In time, individuals will become communities, and communities will become multitudes, and multitudes will become nations, and nations will become peoples.  In time, structures will need to be redeemed and institutional faith purified.  But the Kingdom begins by baptizing one disciple at a time.  Nothing changes in the world until something changes in you.

I know some clergy who, on this day, will call out the ‘C&E’ crowd – those people who come to church only at Christmas and Easter.  I remember one priest telling them rather pointedly we will have services again next Sunday and 8:00 and 10:30, in case they did not know.  As much as I like to poke fun whenever and wherever possible, I have never warmed to chastising the ‘C&E’ folks in the parish.  Here at St. Paul’s, many of the C&Eers are visiting from out of town.  You have gone to considerable effort to be here this morning and I, for one, thank you.  Your presence adds so much to the celebration of our Easter joy.  There are other folks here today who might mistakenly be labeled as ‘C&E’, but that is not entirely accurate.  Yes, you are here on Christmas and Easter, but also on odd and unpredictable days – a Sunday in July, Shrove Tuesday, two or three weeks in a row in the fall.  You have your reasons and, while curious what they might be, I will not judge them.  I am glad you are here because you too add much to the joy of our celebration.  Easter is the kind of day that brings people to our church for the first time.  You have been thinking about attending a service, but needed the push of a high, holy day to spur you to action.  You too are most welcome here.  And then there are those of you who are here pretty much every Sunday and any other time the doors are open.  I can’t begin to tell you how much I enjoy gathering with you on a regular basis to worship, to laugh, and to care for one another.

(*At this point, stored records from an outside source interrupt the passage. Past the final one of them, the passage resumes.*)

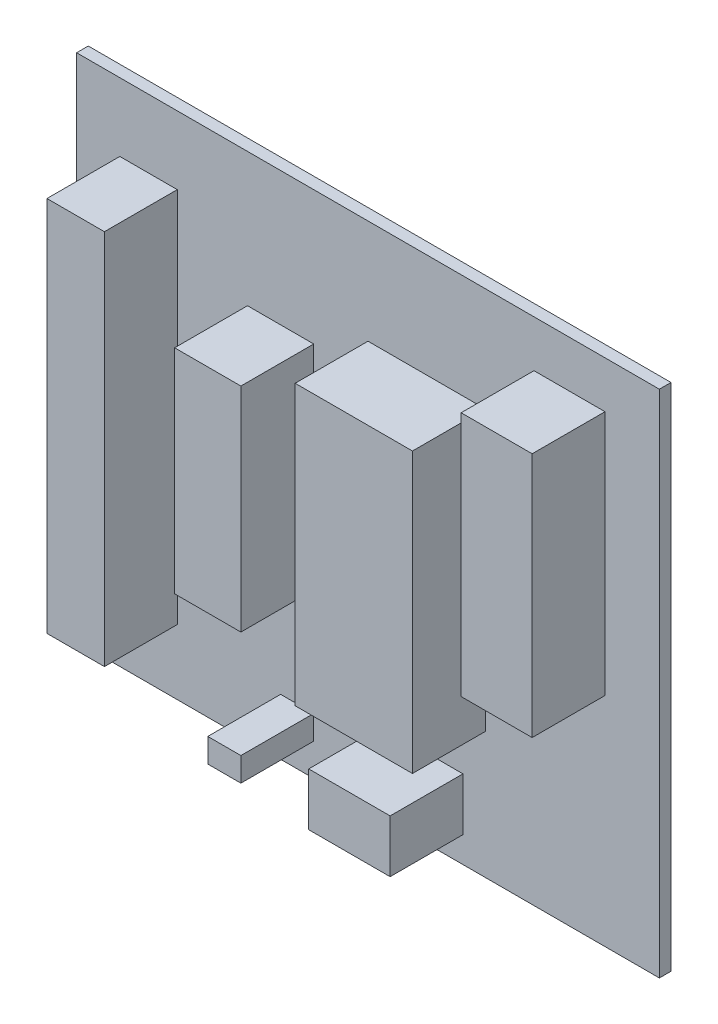
ISO-10303-21;
HEADER;
FILE_DESCRIPTION(('STEP AP214'),'2;1');
FILE_NAME('part.step','',(''),(''),'','','');
FILE_SCHEMA(('AUTOMOTIVE_DESIGN { 1 0 10303 214 1 1 1 1 }'));
ENDSEC;
DATA;
#1=APPLICATION_CONTEXT('core data for automotive mechanical design processes');
#2=APPLICATION_PROTOCOL_DEFINITION('international standard','automotive_design',2000,#1);
#3=PRODUCT_CONTEXT('',#1,'mechanical');
#4=PRODUCT('Part','Part','',(#3));
#5=PRODUCT_RELATED_PRODUCT_CATEGORY('part','',(#4));
#6=PRODUCT_DEFINITION_FORMATION('','',#4);
#7=PRODUCT_DEFINITION_CONTEXT('part definition',#1,'design');
#8=PRODUCT_DEFINITION('design','',#6,#7);
#9=PRODUCT_DEFINITION_SHAPE('','',#8);
#10=(LENGTH_UNIT() NAMED_UNIT(*) SI_UNIT(.MILLI.,.METRE.));
#11=(NAMED_UNIT(*) PLANE_ANGLE_UNIT() SI_UNIT($,.RADIAN.));
#12=(NAMED_UNIT(*) SI_UNIT($,.STERADIAN.) SOLID_ANGLE_UNIT());
#13=UNCERTAINTY_MEASURE_WITH_UNIT(LENGTH_MEASURE(1.E-05),#10,'distance_accuracy_value','');
#14=(GEOMETRIC_REPRESENTATION_CONTEXT(3) GLOBAL_UNCERTAINTY_ASSIGNED_CONTEXT((#13)) GLOBAL_UNIT_ASSIGNED_CONTEXT((#10,
#11,#12)) REPRESENTATION_CONTEXT('',''));
#15=CARTESIAN_POINT('',(0.,0.,0.));
#16=DIRECTION('',(0.,0.,1.));
#17=DIRECTION('',(1.,0.,0.));
#18=AXIS2_PLACEMENT_3D('',#15,#16,#17);
#19=CARTESIAN_POINT('',(0.,0.,0.8));
#20=DIRECTION('',(0.,0.,1.));
#21=DIRECTION('',(1.,0.,0.));
#22=AXIS2_PLACEMENT_3D('',#19,#20,#21);
#23=PLANE('',#22);
#24=DIRECTION('',(0.,-1.,0.));
#25=VECTOR('',#24,1.);
#26=CARTESIAN_POINT('',(-40.,35.,0.8));
#27=LINE('',#26,#25);
#28=CARTESIAN_POINT('',(-40.,35.,0.8));
#29=VERTEX_POINT('',#28);
#30=CARTESIAN_POINT('',(-40.,-35.,0.8));
#31=VERTEX_POINT('',#30);
#32=EDGE_CURVE('E392',#29,#31,#27,.T.);
#33=ORIENTED_EDGE('',*,*,#32,.T.);
#34=DIRECTION('',(1.,0.,0.));
#35=VECTOR('',#34,1.);
#36=CARTESIAN_POINT('',(-40.,-35.,0.8));
#37=LINE('',#36,#35);
#38=CARTESIAN_POINT('',(40.,-35.,0.8));
#39=VERTEX_POINT('',#38);
#40=EDGE_CURVE('E395',#31,#39,#37,.T.);
#41=ORIENTED_EDGE('',*,*,#40,.T.);
#42=DIRECTION('',(0.,1.,0.));
#43=VECTOR('',#42,1.);
#44=CARTESIAN_POINT('',(40.,35.,0.8));
#45=LINE('',#44,#43);
#46=CARTESIAN_POINT('',(40.,35.,0.8));
#47=VERTEX_POINT('',#46);
#48=EDGE_CURVE('E398',#39,#47,#45,.T.);
#49=ORIENTED_EDGE('',*,*,#48,.T.);
#50=DIRECTION('',(-1.,0.,0.));
#51=VECTOR('',#50,1.);
#52=CARTESIAN_POINT('',(-40.,35.,0.8));
#53=LINE('',#52,#51);
#54=EDGE_CURVE('E400',#47,#29,#53,.T.);
#55=ORIENTED_EDGE('',*,*,#54,.T.);
#56=EDGE_LOOP('',(#33,#41,#49,#55));
#57=FACE_BOUND('',#56,.T.);
#58=DIRECTION('',(1.,0.,0.));
#59=VECTOR('',#58,1.);
#60=CARTESIAN_POINT('',(-16.5417209365007,-12.5979993887254,0.8));
#61=LINE('',#60,#59);
#62=CARTESIAN_POINT('',(-16.5417209365007,-12.5979993887254,0.8));
#63=VERTEX_POINT('',#62);
#64=CARTESIAN_POINT('',(-7.44925181246366,-12.5979993887254,0.8));
#65=VERTEX_POINT('',#64);
#66=EDGE_CURVE('E376',#63,#65,#61,.T.);
#67=ORIENTED_EDGE('',*,*,#66,.F.);
#68=DIRECTION('',(0.,-1.,0.));
#69=VECTOR('',#68,1.);
#70=CARTESIAN_POINT('',(-16.5417209365007,-12.5979993887254,0.8));
#71=LINE('',#70,#69);
#72=CARTESIAN_POINT('',(-16.5417209365007,16.6512687572722,0.8));
#73=VERTEX_POINT('',#72);
#74=EDGE_CURVE('E362',#73,#63,#71,.T.);
#75=ORIENTED_EDGE('',*,*,#74,.F.);
#76=DIRECTION('',(-1.,0.,0.));
#77=VECTOR('',#76,1.);
#78=CARTESIAN_POINT('',(-16.5417209365007,16.6512687572722,0.8));
#79=LINE('',#78,#77);
#80=CARTESIAN_POINT('',(-7.44925181246366,16.6512687572722,0.8));
#81=VERTEX_POINT('',#80);
#82=EDGE_CURVE('E367',#81,#73,#79,.T.);
#83=ORIENTED_EDGE('',*,*,#82,.F.);
#84=DIRECTION('',(0.,1.,0.));
#85=VECTOR('',#84,1.);
#86=CARTESIAN_POINT('',(-7.44925181246366,-12.5979993887254,0.8));
#87=LINE('',#86,#85);
#88=EDGE_CURVE('E378',#65,#81,#87,.T.);
#89=ORIENTED_EDGE('',*,*,#88,.F.);
#90=EDGE_LOOP('',(#67,#75,#83,#89));
#91=FACE_BOUND('',#90,.T.);
#92=DIRECTION('',(1.,0.,0.));
#93=VECTOR('',#92,1.);
#94=CARTESIAN_POINT('',(0.,-17.6371991442158,0.8));
#95=LINE('',#94,#93);
#96=CARTESIAN_POINT('',(0.,-17.6371991442158,0.8));
#97=VERTEX_POINT('',#96);
#98=CARTESIAN_POINT('',(16.1035296534147,-17.6371991442158,0.8));
#99=VERTEX_POINT('',#98);
#100=EDGE_CURVE('E347',#97,#99,#95,.T.);
#101=ORIENTED_EDGE('',*,*,#100,.F.);
#102=DIRECTION('',(0.,-1.,0.));
#103=VECTOR('',#102,1.);
#104=CARTESIAN_POINT('',(0.,-17.6371991442158,0.8));
#105=LINE('',#104,#103);
#106=CARTESIAN_POINT('',(0.,20.7045381258184,0.8));
#107=VERTEX_POINT('',#106);
#108=EDGE_CURVE('E333',#107,#97,#105,.T.);
#109=ORIENTED_EDGE('',*,*,#108,.F.);
#110=DIRECTION('',(-1.,0.,0.));
#111=VECTOR('',#110,1.);
#112=CARTESIAN_POINT('',(0.,20.7045381258184,0.8));
#113=LINE('',#112,#111);
#114=CARTESIAN_POINT('',(16.1035296534147,20.7045381258184,0.8));
#115=VERTEX_POINT('',#114);
#116=EDGE_CURVE('E338',#115,#107,#113,.T.);
#117=ORIENTED_EDGE('',*,*,#116,.F.);
#118=DIRECTION('',(0.,1.,0.));
#119=VECTOR('',#118,1.);
#120=CARTESIAN_POINT('',(16.1035296534147,-17.6371991442158,0.8));
#121=LINE('',#120,#119);
#122=EDGE_CURVE('E349',#99,#115,#121,.T.);
#123=ORIENTED_EDGE('',*,*,#122,.F.);
#124=EDGE_LOOP('',(#101,#109,#117,#123));
#125=FACE_BOUND('',#124,.T.);
#126=DIRECTION('',(1.,0.,0.));
#127=VECTOR('',#126,1.);
#128=CARTESIAN_POINT('',(-34.0693722599452,-26.0723813436231,0.8));
#129=LINE('',#128,#127);
#130=CARTESIAN_POINT('',(-34.0693722599452,-26.0723813436231,0.8));
#131=VERTEX_POINT('',#130);
#132=CARTESIAN_POINT('',(-26.1819291643947,-26.0723813436231,0.8));
#133=VERTEX_POINT('',#132);
#134=EDGE_CURVE('E318',#131,#133,#129,.T.);
#135=ORIENTED_EDGE('',*,*,#134,.F.);
#136=DIRECTION('',(0.,-1.,0.));
#137=VECTOR('',#136,1.);
#138=CARTESIAN_POINT('',(-34.0693722599452,-26.0723813436231,0.8));
#139=LINE('',#138,#137);
#140=CARTESIAN_POINT('',(-34.0693722599452,25.6341900605376,0.8));
#141=VERTEX_POINT('',#140);
#142=EDGE_CURVE('E304',#141,#131,#139,.T.);
#143=ORIENTED_EDGE('',*,*,#142,.F.);
#144=DIRECTION('',(-1.,0.,0.));
#145=VECTOR('',#144,1.);
#146=CARTESIAN_POINT('',(-34.0693722599452,25.6341900605376,0.8));
#147=LINE('',#146,#145);
#148=CARTESIAN_POINT('',(-26.1819291643947,25.6341900605376,0.8));
#149=VERTEX_POINT('',#148);
#150=EDGE_CURVE('E309',#149,#141,#147,.T.);
#151=ORIENTED_EDGE('',*,*,#150,.F.);
#152=DIRECTION('',(0.,1.,0.));
#153=VECTOR('',#152,1.);
#154=CARTESIAN_POINT('',(-26.1819291643947,-26.0723813436231,0.8));
#155=LINE('',#154,#153);
#156=EDGE_CURVE('E320',#133,#149,#155,.T.);
#157=ORIENTED_EDGE('',*,*,#156,.F.);
#158=EDGE_LOOP('',(#135,#143,#151,#157));
#159=FACE_BOUND('',#158,.T.);
#160=DIRECTION('',(1.,0.,0.));
#161=VECTOR('',#160,1.);
#162=CARTESIAN_POINT('',(22.7859467204776,-5.14874757626201,0.8));
#163=LINE('',#162,#161);
#164=CARTESIAN_POINT('',(22.7859467204776,-5.14874757626201,0.8));
#165=VERTEX_POINT('',#164);
#166=CARTESIAN_POINT('',(32.5357027691438,-5.14874757626201,0.8));
#167=VERTEX_POINT('',#166);
#168=EDGE_CURVE('E289',#165,#167,#163,.T.);
#169=ORIENTED_EDGE('',*,*,#168,.F.);
#170=DIRECTION('',(0.,-1.,0.));
#171=VECTOR('',#170,1.);
#172=CARTESIAN_POINT('',(22.7859467204776,-5.14874757626201,0.8));
#173=LINE('',#172,#171);
#174=CARTESIAN_POINT('',(22.7859467204776,28.5919812213682,0.8));
#175=VERTEX_POINT('',#174);
#176=EDGE_CURVE('E275',#175,#165,#173,.T.);
#177=ORIENTED_EDGE('',*,*,#176,.F.);
#178=DIRECTION('',(-1.,0.,0.));
#179=VECTOR('',#178,1.);
#180=CARTESIAN_POINT('',(22.7859467204776,28.5919812213682,0.8));
#181=LINE('',#180,#179);
#182=CARTESIAN_POINT('',(32.5357027691438,28.5919812213682,0.8));
#183=VERTEX_POINT('',#182);
#184=EDGE_CURVE('E280',#183,#175,#181,.T.);
#185=ORIENTED_EDGE('',*,*,#184,.F.);
#186=DIRECTION('',(0.,1.,0.));
#187=VECTOR('',#186,1.);
#188=CARTESIAN_POINT('',(32.5357027691438,-5.14874757626201,0.8));
#189=LINE('',#188,#187);
#190=EDGE_CURVE('E291',#167,#183,#189,.T.);
#191=ORIENTED_EDGE('',*,*,#190,.F.);
#192=EDGE_LOOP('',(#169,#177,#185,#191));
#193=FACE_BOUND('',#192,.T.);
#194=DIRECTION('',(1.,0.,0.));
#195=VECTOR('',#194,1.);
#196=CARTESIAN_POINT('',(-11.9954863744822,-30.5638419952559,0.8));
#197=LINE('',#196,#195);
#198=CARTESIAN_POINT('',(-11.9954863744822,-30.5638419952559,0.8));
#199=VERTEX_POINT('',#198);
#200=CARTESIAN_POINT('',(-7.44925181246366,-30.5638419952559,0.8));
#201=VERTEX_POINT('',#200);
#202=EDGE_CURVE('E247',#199,#201,#197,.T.);
#203=ORIENTED_EDGE('',*,*,#202,.F.);
#204=DIRECTION('',(0.,-1.,0.));
#205=VECTOR('',#204,1.);
#206=CARTESIAN_POINT('',(-11.9954863744822,-30.5638419952559,0.8));
#207=LINE('',#206,#205);
#208=CARTESIAN_POINT('',(-11.9954863744822,-27.2774073721101,0.8));
#209=VERTEX_POINT('',#208);
#210=EDGE_CURVE('E244',#209,#199,#207,.T.);
#211=ORIENTED_EDGE('',*,*,#210,.F.);
#212=DIRECTION('',(-1.,0.,0.));
#213=VECTOR('',#212,1.);
#214=CARTESIAN_POINT('',(-11.9954863744822,-27.2774073721101,0.8));
#215=LINE('',#214,#213);
#216=CARTESIAN_POINT('',(-7.44925181246366,-27.2774073721101,0.8));
#217=VERTEX_POINT('',#216);
#218=EDGE_CURVE('E256',#217,#209,#215,.T.);
#219=ORIENTED_EDGE('',*,*,#218,.F.);
#220=DIRECTION('',(0.,1.,0.));
#221=VECTOR('',#220,1.);
#222=CARTESIAN_POINT('',(-7.44925181246366,-30.5638419952559,0.8));
#223=LINE('',#222,#221);
#224=EDGE_CURVE('E264',#201,#217,#223,.T.);
#225=ORIENTED_EDGE('',*,*,#224,.F.);
#226=EDGE_LOOP('',(#203,#211,#219,#225));
#227=FACE_BOUND('',#226,.T.);
#228=DIRECTION('',(1.,0.,0.));
#229=VECTOR('',#228,1.);
#230=CARTESIAN_POINT('',(1.86231295311562,-31.4402245614283,0.8));
#231=LINE('',#230,#229);
#232=CARTESIAN_POINT('',(1.86231295311562,-31.4402245614283,0.8));
#233=VERTEX_POINT('',#232);
#234=CARTESIAN_POINT('',(13.0361906718114,-31.4402245614283,0.8));
#235=VERTEX_POINT('',#234);
#236=EDGE_CURVE('E781',#233,#235,#231,.T.);
#237=ORIENTED_EDGE('',*,*,#236,.F.);
#238=DIRECTION('',(0.,-1.,0.));
#239=VECTOR('',#238,1.);
#240=CARTESIAN_POINT('',(1.86231295311562,-31.4402245614283,0.8));
#241=LINE('',#240,#239);
#242=CARTESIAN_POINT('',(1.86231295311562,-24.2100683905076,0.8));
#243=VERTEX_POINT('',#242);
#244=EDGE_CURVE('E242',#243,#233,#241,.T.);
#245=ORIENTED_EDGE('',*,*,#244,.F.);
#246=DIRECTION('',(-1.,0.,0.));
#247=VECTOR('',#246,1.);
#248=CARTESIAN_POINT('',(1.86231295311562,-24.2100683905076,0.8));
#249=LINE('',#248,#247);
#250=CARTESIAN_POINT('',(13.0361906718114,-24.2100683905076,0.8));
#251=VERTEX_POINT('',#250);
#252=EDGE_CURVE('E238',#251,#243,#249,.T.);
#253=ORIENTED_EDGE('',*,*,#252,.F.);
#254=DIRECTION('',(0.,1.,0.));
#255=VECTOR('',#254,1.);
#256=CARTESIAN_POINT('',(13.0361906718114,-31.4402245614283,0.8));
#257=LINE('',#256,#255);
#258=EDGE_CURVE('E778',#235,#251,#257,.T.);
#259=ORIENTED_EDGE('',*,*,#258,.F.);
#260=EDGE_LOOP('',(#237,#245,#253,#259));
#261=FACE_BOUND('',#260,.T.);
#262=ADVANCED_FACE('F33',(#57,#91,#125,#159,#193,#227,#261),#23,.T.);
#263=CARTESIAN_POINT('',(-40.,35.,0.8));
#264=DIRECTION('',(1.,0.,0.));
#265=DIRECTION('',(0.,1.,0.));
#266=AXIS2_PLACEMENT_3D('',#263,#264,#265);
#267=PLANE('',#266);
#268=DIRECTION('',(0.,-1.,0.));
#269=VECTOR('',#268,1.);
#270=CARTESIAN_POINT('',(-40.,35.,-0.8));
#271=LINE('',#270,#269);
#272=CARTESIAN_POINT('',(-40.,35.,-0.8));
#273=VERTEX_POINT('',#272);
#274=CARTESIAN_POINT('',(-40.,-35.,-0.8));
#275=VERTEX_POINT('',#274);
#276=EDGE_CURVE('E391',#273,#275,#271,.T.);
#277=ORIENTED_EDGE('',*,*,#276,.T.);
#278=DIRECTION('',(0.,0.,-1.));
#279=VECTOR('',#278,1.);
#280=CARTESIAN_POINT('',(-40.,-35.,0.8));
#281=LINE('',#280,#279);
#282=EDGE_CURVE('E11',#31,#275,#281,.T.);
#283=ORIENTED_EDGE('',*,*,#282,.F.);
#284=ORIENTED_EDGE('',*,*,#32,.F.);
#285=DIRECTION('',(0.,0.,-1.));
#286=VECTOR('',#285,1.);
#287=CARTESIAN_POINT('',(-40.,35.,0.8));
#288=LINE('',#287,#286);
#289=EDGE_CURVE('E402',#29,#273,#288,.T.);
#290=ORIENTED_EDGE('',*,*,#289,.T.);
#291=EDGE_LOOP('',(#277,#283,#284,#290));
#292=FACE_BOUND('',#291,.T.);
#293=ADVANCED_FACE('F35',(#292),#267,.F.);
#294=CARTESIAN_POINT('',(-40.,-35.,0.8));
#295=DIRECTION('',(0.,1.,0.));
#296=DIRECTION('',(0.,0.,1.));
#297=AXIS2_PLACEMENT_3D('',#294,#295,#296);
#298=PLANE('',#297);
#299=DIRECTION('',(1.,0.,0.));
#300=VECTOR('',#299,1.);
#301=CARTESIAN_POINT('',(-40.,-35.,-0.8));
#302=LINE('',#301,#300);
#303=CARTESIAN_POINT('',(40.,-35.,-0.8));
#304=VERTEX_POINT('',#303);
#305=EDGE_CURVE('E405',#275,#304,#302,.T.);
#306=ORIENTED_EDGE('',*,*,#305,.T.);
#307=DIRECTION('',(0.,0.,-1.));
#308=VECTOR('',#307,1.);
#309=CARTESIAN_POINT('',(40.,-35.,0.8));
#310=LINE('',#309,#308);
#311=EDGE_CURVE('E41',#39,#304,#310,.T.);
#312=ORIENTED_EDGE('',*,*,#311,.F.);
#313=ORIENTED_EDGE('',*,*,#40,.F.);
#314=ORIENTED_EDGE('',*,*,#282,.T.);
#315=EDGE_LOOP('',(#306,#312,#313,#314));
#316=FACE_BOUND('',#315,.T.);
#317=ADVANCED_FACE('F435',(#316),#298,.F.);
#318=CARTESIAN_POINT('',(40.,35.,0.8));
#319=DIRECTION('',(-1.,0.,0.));
#320=DIRECTION('',(0.,-1.,0.));
#321=AXIS2_PLACEMENT_3D('',#318,#319,#320);
#322=PLANE('',#321);
#323=DIRECTION('',(0.,1.,0.));
#324=VECTOR('',#323,1.);
#325=CARTESIAN_POINT('',(40.,35.,-0.8));
#326=LINE('',#325,#324);
#327=CARTESIAN_POINT('',(40.,35.,-0.8));
#328=VERTEX_POINT('',#327);
#329=EDGE_CURVE('E407',#304,#328,#326,.T.);
#330=ORIENTED_EDGE('',*,*,#329,.T.);
#331=DIRECTION('',(0.,0.,-1.));
#332=VECTOR('',#331,1.);
#333=CARTESIAN_POINT('',(40.,35.,0.8));
#334=LINE('',#333,#332);
#335=EDGE_CURVE('E412',#47,#328,#334,.T.);
#336=ORIENTED_EDGE('',*,*,#335,.F.);
#337=ORIENTED_EDGE('',*,*,#48,.F.);
#338=ORIENTED_EDGE('',*,*,#311,.T.);
#339=EDGE_LOOP('',(#330,#336,#337,#338));
#340=FACE_BOUND('',#339,.T.);
#341=ADVANCED_FACE('F419',(#340),#322,.F.);
#342=CARTESIAN_POINT('',(-40.,35.,0.8));
#343=DIRECTION('',(0.,-1.,0.));
#344=DIRECTION('',(0.,0.,-1.));
#345=AXIS2_PLACEMENT_3D('',#342,#343,#344);
#346=PLANE('',#345);
#347=DIRECTION('',(-1.,0.,0.));
#348=VECTOR('',#347,1.);
#349=CARTESIAN_POINT('',(-40.,35.,-0.8));
#350=LINE('',#349,#348);
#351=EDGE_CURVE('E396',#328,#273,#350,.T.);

Here is the thing we can all take away from today:  No matter how spectacular the Resurrection is (and make no mistake, if true it is the seminal moment in human history), this day is not an end unto itself.  The main point of this day, at least as I can discern from Matthew’s gospel, is not to rejoice that death has been vanquished nor is it to count on a hope of eternal life.  The point of this day is to go to Galilee (whatever and wherever that may be for you), to live now into the teachings of Jesus, and to work now so that others might become disciples (even as you strive to deepen and authenticate your own discipleship).  Nothing changes in the world until something changes in you.